Title | Genome-wide identification of allelic expression in hypertensive rats. |
Publication Type | Journal Article |
Year of Publication | 2009 |
Authors | Dmitrieva, RI, Hinojos, CA, Grove, ML, Bell, RJ, Boerwinkle, E, Fornage, M, Doris, PA |
Journal | Circ Cardiovasc Genet |
Volume | 2 |
Issue | 2 |
Pagination | 106-15 |
Date Published | 2009 Apr |
ISSN | 1942-3268 |
Keywords | Alleles, Animals, Blood Pressure, Disease Models, Animal, Female, Gene Expression Profiling, Genome-Wide Association Study, Humans, Hypertension, Kidney, Male, Pedigree, Polymorphism, Single Nucleotide, Rats, Rats, Inbred SHR, Rats, Inbred WKY |
Abstract | BACKGROUND: Identification of genes involved in complex cardiovascular disease traits has proven challenging. Inbred animal models can facilitate genetic studies of disease traits. The spontaneously hypertensive rat (SHR) is an inbred model of hypertension that exists in several closely related but genetically distinct lines.METHODS AND RESULTS: We used renal gene-expression profiling across 3 distinct SHR lines to identify genes that show different expression in SHR than in the genetically related normotensive control strain, Wistar-Kyoto.

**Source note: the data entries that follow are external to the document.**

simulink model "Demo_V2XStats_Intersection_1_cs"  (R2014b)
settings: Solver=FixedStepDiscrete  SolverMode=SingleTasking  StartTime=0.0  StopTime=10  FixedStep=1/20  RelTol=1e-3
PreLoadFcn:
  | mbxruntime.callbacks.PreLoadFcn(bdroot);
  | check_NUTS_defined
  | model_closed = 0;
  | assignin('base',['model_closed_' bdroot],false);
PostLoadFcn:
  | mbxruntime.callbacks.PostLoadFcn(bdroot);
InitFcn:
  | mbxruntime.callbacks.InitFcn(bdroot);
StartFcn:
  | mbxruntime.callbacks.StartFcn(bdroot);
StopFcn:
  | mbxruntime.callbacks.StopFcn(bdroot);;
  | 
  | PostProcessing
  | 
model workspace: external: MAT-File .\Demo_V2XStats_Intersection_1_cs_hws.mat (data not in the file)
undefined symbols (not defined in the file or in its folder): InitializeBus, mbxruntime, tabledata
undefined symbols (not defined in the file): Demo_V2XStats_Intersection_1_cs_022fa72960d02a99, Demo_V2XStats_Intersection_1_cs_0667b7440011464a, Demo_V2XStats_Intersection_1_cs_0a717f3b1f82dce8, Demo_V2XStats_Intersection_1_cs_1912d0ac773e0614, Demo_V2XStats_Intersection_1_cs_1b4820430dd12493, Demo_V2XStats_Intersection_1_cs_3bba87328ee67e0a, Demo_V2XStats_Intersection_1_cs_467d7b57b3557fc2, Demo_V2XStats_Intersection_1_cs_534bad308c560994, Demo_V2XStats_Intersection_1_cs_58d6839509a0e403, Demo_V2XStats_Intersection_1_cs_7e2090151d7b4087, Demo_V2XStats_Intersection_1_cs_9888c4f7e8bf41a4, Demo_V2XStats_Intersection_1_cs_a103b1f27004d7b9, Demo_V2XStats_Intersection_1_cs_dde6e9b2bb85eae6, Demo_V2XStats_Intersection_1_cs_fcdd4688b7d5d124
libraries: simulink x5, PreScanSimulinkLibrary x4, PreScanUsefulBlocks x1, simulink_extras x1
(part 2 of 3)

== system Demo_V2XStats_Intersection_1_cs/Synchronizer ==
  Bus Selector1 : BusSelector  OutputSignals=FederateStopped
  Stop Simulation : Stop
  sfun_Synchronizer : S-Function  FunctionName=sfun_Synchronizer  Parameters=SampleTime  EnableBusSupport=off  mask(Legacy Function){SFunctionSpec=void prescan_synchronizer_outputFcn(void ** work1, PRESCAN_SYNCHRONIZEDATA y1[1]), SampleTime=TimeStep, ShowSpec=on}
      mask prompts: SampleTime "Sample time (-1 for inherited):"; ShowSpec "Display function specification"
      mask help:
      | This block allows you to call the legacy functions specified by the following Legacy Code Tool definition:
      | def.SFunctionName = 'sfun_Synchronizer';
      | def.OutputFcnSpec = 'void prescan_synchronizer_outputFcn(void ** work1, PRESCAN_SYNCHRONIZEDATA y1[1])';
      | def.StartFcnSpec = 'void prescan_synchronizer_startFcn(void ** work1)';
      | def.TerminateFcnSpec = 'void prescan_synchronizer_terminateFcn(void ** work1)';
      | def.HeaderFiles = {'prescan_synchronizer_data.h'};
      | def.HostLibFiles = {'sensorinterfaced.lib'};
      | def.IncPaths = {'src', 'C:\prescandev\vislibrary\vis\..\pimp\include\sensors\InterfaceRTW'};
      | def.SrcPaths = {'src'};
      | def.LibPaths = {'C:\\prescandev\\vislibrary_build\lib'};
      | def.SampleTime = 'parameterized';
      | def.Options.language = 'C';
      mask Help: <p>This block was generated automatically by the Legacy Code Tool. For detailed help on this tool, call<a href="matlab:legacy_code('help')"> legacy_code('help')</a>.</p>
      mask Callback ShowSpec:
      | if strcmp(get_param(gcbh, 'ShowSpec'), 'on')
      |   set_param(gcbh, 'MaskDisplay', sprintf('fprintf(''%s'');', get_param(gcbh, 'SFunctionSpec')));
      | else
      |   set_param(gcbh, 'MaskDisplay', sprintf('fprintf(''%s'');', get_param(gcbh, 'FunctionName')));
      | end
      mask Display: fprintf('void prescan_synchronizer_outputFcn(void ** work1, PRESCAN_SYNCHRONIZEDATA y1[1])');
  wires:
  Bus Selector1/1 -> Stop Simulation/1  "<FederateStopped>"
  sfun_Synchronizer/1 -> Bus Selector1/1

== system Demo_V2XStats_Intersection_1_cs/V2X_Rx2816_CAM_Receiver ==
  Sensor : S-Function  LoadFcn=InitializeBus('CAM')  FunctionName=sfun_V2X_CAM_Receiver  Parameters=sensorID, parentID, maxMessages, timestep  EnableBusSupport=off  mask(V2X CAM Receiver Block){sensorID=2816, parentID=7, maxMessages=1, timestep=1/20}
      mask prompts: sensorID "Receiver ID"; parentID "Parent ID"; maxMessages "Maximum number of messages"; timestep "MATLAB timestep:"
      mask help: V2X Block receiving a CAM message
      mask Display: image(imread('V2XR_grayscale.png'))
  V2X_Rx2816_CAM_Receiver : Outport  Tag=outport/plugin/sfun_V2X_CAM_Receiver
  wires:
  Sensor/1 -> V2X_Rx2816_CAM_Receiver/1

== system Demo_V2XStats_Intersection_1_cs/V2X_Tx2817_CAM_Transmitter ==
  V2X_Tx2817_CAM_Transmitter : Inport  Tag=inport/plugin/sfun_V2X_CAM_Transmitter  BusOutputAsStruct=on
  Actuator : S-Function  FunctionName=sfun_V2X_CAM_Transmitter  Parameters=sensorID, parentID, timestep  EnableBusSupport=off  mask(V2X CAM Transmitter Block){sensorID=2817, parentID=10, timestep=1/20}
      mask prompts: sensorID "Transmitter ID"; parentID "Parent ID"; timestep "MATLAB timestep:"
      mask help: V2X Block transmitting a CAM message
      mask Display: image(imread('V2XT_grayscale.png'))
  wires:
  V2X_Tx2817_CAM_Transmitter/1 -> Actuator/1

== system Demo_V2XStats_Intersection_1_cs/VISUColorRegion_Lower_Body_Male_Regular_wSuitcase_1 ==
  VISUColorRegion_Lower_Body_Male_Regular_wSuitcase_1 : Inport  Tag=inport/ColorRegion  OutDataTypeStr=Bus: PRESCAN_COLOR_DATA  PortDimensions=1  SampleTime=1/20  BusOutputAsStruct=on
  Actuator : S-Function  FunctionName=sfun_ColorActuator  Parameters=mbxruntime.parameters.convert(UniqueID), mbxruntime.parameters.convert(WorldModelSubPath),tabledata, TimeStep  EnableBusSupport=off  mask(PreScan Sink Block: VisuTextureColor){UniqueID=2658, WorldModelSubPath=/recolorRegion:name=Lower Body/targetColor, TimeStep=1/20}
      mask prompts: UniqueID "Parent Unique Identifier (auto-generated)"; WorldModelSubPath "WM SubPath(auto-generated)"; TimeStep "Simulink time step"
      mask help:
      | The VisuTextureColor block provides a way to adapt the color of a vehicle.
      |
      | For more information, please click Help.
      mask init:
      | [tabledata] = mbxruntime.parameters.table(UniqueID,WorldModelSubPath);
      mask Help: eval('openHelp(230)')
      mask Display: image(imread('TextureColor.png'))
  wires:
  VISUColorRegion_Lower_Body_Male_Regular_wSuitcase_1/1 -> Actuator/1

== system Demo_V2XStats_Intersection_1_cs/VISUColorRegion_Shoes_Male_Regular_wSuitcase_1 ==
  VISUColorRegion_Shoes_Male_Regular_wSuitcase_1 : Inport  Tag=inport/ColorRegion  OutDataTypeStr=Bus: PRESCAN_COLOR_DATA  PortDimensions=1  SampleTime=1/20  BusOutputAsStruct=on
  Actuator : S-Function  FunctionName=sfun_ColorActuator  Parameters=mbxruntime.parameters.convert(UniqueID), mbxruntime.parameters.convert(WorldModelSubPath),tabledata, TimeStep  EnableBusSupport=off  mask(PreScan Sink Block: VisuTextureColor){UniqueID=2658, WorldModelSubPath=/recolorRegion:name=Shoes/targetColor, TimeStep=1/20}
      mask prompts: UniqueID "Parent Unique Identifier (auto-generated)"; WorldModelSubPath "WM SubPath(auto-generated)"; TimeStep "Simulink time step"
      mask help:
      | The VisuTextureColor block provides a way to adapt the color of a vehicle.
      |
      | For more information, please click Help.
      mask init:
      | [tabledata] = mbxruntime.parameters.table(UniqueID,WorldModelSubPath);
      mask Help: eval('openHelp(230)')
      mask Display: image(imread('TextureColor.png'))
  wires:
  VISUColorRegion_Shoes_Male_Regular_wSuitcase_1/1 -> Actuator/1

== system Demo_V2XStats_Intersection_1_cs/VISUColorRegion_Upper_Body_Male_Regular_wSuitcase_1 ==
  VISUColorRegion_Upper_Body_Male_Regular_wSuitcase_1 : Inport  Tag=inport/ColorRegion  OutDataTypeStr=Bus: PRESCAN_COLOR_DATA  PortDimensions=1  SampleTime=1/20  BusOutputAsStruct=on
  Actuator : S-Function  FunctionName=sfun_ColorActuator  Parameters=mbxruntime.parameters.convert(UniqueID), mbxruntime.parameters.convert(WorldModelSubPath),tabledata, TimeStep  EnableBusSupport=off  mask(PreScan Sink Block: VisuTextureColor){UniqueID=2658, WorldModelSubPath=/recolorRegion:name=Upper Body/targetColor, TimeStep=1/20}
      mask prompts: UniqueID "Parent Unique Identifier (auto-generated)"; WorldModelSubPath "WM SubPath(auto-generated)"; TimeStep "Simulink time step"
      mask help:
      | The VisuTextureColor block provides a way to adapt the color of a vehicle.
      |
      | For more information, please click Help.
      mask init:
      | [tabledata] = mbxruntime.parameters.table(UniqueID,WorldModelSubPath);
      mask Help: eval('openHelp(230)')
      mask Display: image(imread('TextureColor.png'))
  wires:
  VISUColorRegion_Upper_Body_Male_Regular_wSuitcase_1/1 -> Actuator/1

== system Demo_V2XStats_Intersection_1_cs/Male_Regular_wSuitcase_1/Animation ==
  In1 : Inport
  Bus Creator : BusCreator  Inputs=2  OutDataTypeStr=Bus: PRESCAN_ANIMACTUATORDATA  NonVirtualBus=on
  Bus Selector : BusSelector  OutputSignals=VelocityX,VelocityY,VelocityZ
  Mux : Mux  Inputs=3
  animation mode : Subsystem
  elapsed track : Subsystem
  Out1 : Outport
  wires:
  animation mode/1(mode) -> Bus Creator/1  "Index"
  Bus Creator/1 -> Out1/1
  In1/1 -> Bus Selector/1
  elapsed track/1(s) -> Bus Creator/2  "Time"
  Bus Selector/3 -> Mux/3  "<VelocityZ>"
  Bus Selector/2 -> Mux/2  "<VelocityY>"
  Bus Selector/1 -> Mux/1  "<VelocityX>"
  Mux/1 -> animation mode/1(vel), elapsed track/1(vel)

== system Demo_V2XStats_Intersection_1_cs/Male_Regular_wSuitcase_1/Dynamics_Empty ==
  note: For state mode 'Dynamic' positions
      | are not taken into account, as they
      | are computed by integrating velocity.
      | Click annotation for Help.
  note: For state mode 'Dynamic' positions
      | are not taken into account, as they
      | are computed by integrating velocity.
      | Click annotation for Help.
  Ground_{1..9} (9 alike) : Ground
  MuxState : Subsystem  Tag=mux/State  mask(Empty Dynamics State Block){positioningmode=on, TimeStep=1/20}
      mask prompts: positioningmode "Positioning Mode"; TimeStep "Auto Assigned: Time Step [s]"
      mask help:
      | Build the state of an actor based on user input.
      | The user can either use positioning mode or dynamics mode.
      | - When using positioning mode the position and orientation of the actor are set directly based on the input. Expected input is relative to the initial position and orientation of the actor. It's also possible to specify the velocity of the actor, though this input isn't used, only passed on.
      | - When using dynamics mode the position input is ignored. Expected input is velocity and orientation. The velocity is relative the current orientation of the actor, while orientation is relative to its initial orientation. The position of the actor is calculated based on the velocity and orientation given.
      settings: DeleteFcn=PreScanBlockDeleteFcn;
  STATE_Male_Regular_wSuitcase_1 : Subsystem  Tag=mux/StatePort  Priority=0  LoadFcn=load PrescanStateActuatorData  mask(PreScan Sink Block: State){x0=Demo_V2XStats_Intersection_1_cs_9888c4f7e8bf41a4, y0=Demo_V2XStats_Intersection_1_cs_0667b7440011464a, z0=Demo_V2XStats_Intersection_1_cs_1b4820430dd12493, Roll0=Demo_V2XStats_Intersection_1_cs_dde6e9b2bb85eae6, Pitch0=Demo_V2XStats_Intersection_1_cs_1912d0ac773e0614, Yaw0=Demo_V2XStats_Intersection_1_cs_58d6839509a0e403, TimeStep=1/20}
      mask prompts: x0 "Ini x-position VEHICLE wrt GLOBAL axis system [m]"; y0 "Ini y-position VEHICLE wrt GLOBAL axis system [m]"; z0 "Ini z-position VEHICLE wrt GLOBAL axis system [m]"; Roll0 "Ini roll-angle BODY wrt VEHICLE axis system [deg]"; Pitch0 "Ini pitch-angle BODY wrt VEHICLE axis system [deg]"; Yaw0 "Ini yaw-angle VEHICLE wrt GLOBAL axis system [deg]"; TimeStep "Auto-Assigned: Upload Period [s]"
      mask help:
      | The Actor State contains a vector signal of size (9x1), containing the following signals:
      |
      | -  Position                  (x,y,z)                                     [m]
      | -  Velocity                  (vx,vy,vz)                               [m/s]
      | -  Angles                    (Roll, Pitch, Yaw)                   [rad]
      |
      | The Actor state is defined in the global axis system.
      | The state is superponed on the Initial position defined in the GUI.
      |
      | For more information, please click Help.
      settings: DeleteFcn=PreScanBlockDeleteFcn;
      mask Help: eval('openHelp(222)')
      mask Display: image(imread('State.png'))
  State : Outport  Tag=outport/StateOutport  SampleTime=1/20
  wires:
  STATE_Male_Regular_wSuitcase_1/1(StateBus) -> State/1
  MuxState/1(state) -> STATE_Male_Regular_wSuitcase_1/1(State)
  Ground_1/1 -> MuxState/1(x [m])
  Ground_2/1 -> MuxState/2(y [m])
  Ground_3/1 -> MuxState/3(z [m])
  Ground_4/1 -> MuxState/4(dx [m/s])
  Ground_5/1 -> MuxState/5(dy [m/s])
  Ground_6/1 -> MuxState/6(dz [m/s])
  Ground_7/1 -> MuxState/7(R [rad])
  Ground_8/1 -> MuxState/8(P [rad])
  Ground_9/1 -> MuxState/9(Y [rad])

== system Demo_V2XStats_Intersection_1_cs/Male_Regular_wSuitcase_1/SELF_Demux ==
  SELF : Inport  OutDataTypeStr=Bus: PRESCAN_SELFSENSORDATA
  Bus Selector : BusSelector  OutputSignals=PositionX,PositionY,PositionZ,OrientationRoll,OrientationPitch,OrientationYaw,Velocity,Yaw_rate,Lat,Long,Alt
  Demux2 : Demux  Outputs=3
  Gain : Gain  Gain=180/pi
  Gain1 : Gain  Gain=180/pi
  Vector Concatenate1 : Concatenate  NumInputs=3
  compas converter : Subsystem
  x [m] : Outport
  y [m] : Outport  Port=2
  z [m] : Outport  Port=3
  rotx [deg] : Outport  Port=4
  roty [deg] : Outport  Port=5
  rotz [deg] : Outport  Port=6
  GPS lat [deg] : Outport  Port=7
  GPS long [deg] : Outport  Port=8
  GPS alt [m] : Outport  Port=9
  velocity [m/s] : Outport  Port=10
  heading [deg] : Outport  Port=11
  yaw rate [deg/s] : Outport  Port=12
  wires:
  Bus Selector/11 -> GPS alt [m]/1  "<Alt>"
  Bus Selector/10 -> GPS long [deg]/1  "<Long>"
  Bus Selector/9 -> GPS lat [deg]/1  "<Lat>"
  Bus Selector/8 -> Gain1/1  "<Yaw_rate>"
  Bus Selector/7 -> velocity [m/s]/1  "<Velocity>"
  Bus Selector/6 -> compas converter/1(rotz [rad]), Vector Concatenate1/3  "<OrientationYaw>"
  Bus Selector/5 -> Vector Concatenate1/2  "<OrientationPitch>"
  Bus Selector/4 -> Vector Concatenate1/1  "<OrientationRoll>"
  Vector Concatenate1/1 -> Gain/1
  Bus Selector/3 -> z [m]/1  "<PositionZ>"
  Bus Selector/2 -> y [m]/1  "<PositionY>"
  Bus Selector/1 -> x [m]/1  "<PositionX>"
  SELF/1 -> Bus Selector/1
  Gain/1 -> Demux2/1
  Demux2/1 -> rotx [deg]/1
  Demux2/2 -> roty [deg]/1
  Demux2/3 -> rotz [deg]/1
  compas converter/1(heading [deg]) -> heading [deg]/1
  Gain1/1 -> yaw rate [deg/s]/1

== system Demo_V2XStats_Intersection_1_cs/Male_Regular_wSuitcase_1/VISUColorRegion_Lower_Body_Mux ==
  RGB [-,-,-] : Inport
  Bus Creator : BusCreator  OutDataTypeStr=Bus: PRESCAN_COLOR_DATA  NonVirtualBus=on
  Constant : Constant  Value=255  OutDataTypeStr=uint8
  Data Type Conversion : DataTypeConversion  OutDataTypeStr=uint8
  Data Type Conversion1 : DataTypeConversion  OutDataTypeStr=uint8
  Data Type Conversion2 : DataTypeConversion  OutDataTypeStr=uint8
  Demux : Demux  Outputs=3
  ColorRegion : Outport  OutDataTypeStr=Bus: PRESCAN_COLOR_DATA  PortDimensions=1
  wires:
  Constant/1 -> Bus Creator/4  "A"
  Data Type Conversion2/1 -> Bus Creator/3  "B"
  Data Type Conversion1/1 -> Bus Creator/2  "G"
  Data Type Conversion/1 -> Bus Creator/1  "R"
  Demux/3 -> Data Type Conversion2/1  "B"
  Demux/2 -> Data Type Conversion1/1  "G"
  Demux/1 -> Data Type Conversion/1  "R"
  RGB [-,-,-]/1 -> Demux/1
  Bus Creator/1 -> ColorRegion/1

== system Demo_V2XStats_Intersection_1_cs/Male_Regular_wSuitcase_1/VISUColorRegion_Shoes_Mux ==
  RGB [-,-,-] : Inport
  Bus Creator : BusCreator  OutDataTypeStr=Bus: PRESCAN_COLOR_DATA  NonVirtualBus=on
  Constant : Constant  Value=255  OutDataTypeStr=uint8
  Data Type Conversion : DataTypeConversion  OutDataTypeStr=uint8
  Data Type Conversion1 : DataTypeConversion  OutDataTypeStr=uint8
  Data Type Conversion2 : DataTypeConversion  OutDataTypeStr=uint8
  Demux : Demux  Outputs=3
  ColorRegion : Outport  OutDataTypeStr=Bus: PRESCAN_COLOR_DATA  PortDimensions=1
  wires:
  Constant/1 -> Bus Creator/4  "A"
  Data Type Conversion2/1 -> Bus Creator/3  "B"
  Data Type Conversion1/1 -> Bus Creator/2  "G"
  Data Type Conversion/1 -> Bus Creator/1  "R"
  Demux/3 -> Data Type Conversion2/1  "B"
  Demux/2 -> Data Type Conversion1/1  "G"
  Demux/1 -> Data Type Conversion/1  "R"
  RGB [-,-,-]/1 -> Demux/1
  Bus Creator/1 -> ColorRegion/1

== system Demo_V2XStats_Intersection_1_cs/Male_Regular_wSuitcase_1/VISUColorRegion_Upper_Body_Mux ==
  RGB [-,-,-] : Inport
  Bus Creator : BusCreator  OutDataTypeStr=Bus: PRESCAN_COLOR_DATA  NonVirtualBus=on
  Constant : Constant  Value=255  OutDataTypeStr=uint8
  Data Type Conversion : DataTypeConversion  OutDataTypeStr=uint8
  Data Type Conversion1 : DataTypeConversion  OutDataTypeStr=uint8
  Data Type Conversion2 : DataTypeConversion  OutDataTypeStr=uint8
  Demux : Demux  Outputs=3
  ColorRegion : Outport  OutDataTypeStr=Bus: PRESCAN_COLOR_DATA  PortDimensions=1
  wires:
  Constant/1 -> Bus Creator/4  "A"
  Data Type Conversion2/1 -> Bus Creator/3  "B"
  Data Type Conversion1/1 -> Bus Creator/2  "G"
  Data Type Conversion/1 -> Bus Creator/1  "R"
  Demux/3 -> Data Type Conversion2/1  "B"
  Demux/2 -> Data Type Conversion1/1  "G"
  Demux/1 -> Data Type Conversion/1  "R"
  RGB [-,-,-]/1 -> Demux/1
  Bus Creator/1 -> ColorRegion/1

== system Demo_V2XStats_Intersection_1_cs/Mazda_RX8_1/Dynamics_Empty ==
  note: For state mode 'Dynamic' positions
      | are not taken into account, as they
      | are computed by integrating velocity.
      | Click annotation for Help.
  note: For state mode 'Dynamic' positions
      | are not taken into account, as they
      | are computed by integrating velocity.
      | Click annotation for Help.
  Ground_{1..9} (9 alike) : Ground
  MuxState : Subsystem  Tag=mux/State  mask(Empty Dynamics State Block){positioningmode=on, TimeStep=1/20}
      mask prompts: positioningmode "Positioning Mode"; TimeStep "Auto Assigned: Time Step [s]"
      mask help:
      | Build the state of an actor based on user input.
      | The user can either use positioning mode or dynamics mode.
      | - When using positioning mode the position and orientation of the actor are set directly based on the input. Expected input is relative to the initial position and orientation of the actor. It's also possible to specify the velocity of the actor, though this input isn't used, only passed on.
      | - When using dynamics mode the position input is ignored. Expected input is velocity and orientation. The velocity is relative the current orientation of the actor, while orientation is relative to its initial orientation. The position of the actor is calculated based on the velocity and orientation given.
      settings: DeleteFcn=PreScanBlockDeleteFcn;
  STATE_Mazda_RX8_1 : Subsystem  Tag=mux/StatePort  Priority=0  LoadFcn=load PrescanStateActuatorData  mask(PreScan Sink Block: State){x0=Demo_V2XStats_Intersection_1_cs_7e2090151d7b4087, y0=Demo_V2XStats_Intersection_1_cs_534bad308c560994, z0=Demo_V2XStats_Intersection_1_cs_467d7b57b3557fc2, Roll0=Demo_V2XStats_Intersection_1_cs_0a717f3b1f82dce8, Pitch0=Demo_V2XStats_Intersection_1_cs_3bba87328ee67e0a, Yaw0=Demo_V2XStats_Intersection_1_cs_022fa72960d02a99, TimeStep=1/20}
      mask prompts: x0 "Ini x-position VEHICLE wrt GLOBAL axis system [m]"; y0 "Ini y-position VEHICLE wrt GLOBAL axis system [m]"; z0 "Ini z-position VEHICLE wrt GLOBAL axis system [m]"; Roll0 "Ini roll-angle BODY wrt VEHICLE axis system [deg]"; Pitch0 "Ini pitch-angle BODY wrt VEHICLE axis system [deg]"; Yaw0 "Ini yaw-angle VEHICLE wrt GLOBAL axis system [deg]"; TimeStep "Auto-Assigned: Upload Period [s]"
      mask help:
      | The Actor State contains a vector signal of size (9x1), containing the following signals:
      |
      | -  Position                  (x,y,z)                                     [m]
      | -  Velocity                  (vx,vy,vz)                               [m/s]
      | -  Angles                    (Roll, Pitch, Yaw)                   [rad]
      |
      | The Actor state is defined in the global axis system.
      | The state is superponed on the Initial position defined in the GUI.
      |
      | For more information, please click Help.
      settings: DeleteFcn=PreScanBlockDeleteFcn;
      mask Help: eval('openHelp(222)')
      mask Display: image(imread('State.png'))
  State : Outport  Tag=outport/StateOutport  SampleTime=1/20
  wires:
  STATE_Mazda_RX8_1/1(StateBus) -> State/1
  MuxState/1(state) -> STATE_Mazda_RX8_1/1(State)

To ensure robust discovery of genes showing SHR-specific expression differences, we considered only those genes in which differential expression is replicated in multiple animals of each of multiple hypertensive rat lines at multiple time points during the ontogeny of hypertension. Mutation analysis was performed on the identified genes to uncover allelic variation. We identified those genes in which all SHR lines share a single allele of the gene when normotensive controls (Wistar-Kyoto) have fixed the alternative allele. We then identified which of the differentially expressed genes show expression that is controlled by the alleleic variation present in and around the gene. Allelic expression was demonstrated by observing the effect on gene expression of alleles inherited in the freely segregating F(2) progeny of a cross between SHR and Wistar-Kyoto animals.CONCLUSIONS: The result of these studies is the identification of several genes (Ptprj, Ela1, Dapk-2, and Gstt2) in which each of 4 SHR lines examined have fixed the same allele and in which each of 2 Wistar-Kyoto lines have a contrasting allele for which the inherited allele influences the level of gene expression. We further show that alleles of these genes lie in extensive haplotype blocks that have been inherited identical by descent in the hypertensive lines. |
DOI | 10.1161/CIRCGENETICS.108.809509 |
Alternate Journal | Circ Cardiovasc Genet |
PubMed ID | 20031574 |
PubMed Central ID | PMC2760851 |
Grant List | HL69126 / HL / NHLBI NIH HHS / United States R01 DK045538 / DK / NIDDK NIH HHS / United States R01 DK045538-10 / DK / NIDDK NIH HHS / United States DDK74680 / / PHS HHS / United States R01 DK069632-02 / DK / NIDDK NIH HHS / United States R01 HL069126-03 / HL / NHLBI NIH HHS / United States R37 HL051021-15 / HL / NHLBI NIH HHS / United States R37 HL051021 / HL / NHLBI NIH HHS / United States NS41466 / NS / NINDS NIH HHS / United States R01 NS041466 / NS / NINDS NIH HHS / United States HL51021 / HL / NHLBI NIH HHS / United States DDK45538 / / PHS HHS / United States R01 DK069632 / DK / NIDDK NIH HHS / United States R01 NS041466-04 / NS / NINDS NIH HHS / United States R01 HL069126 / HL / NHLBI NIH HHS / United States |
Genome-wide identification of allelic expression in hypertensive rats.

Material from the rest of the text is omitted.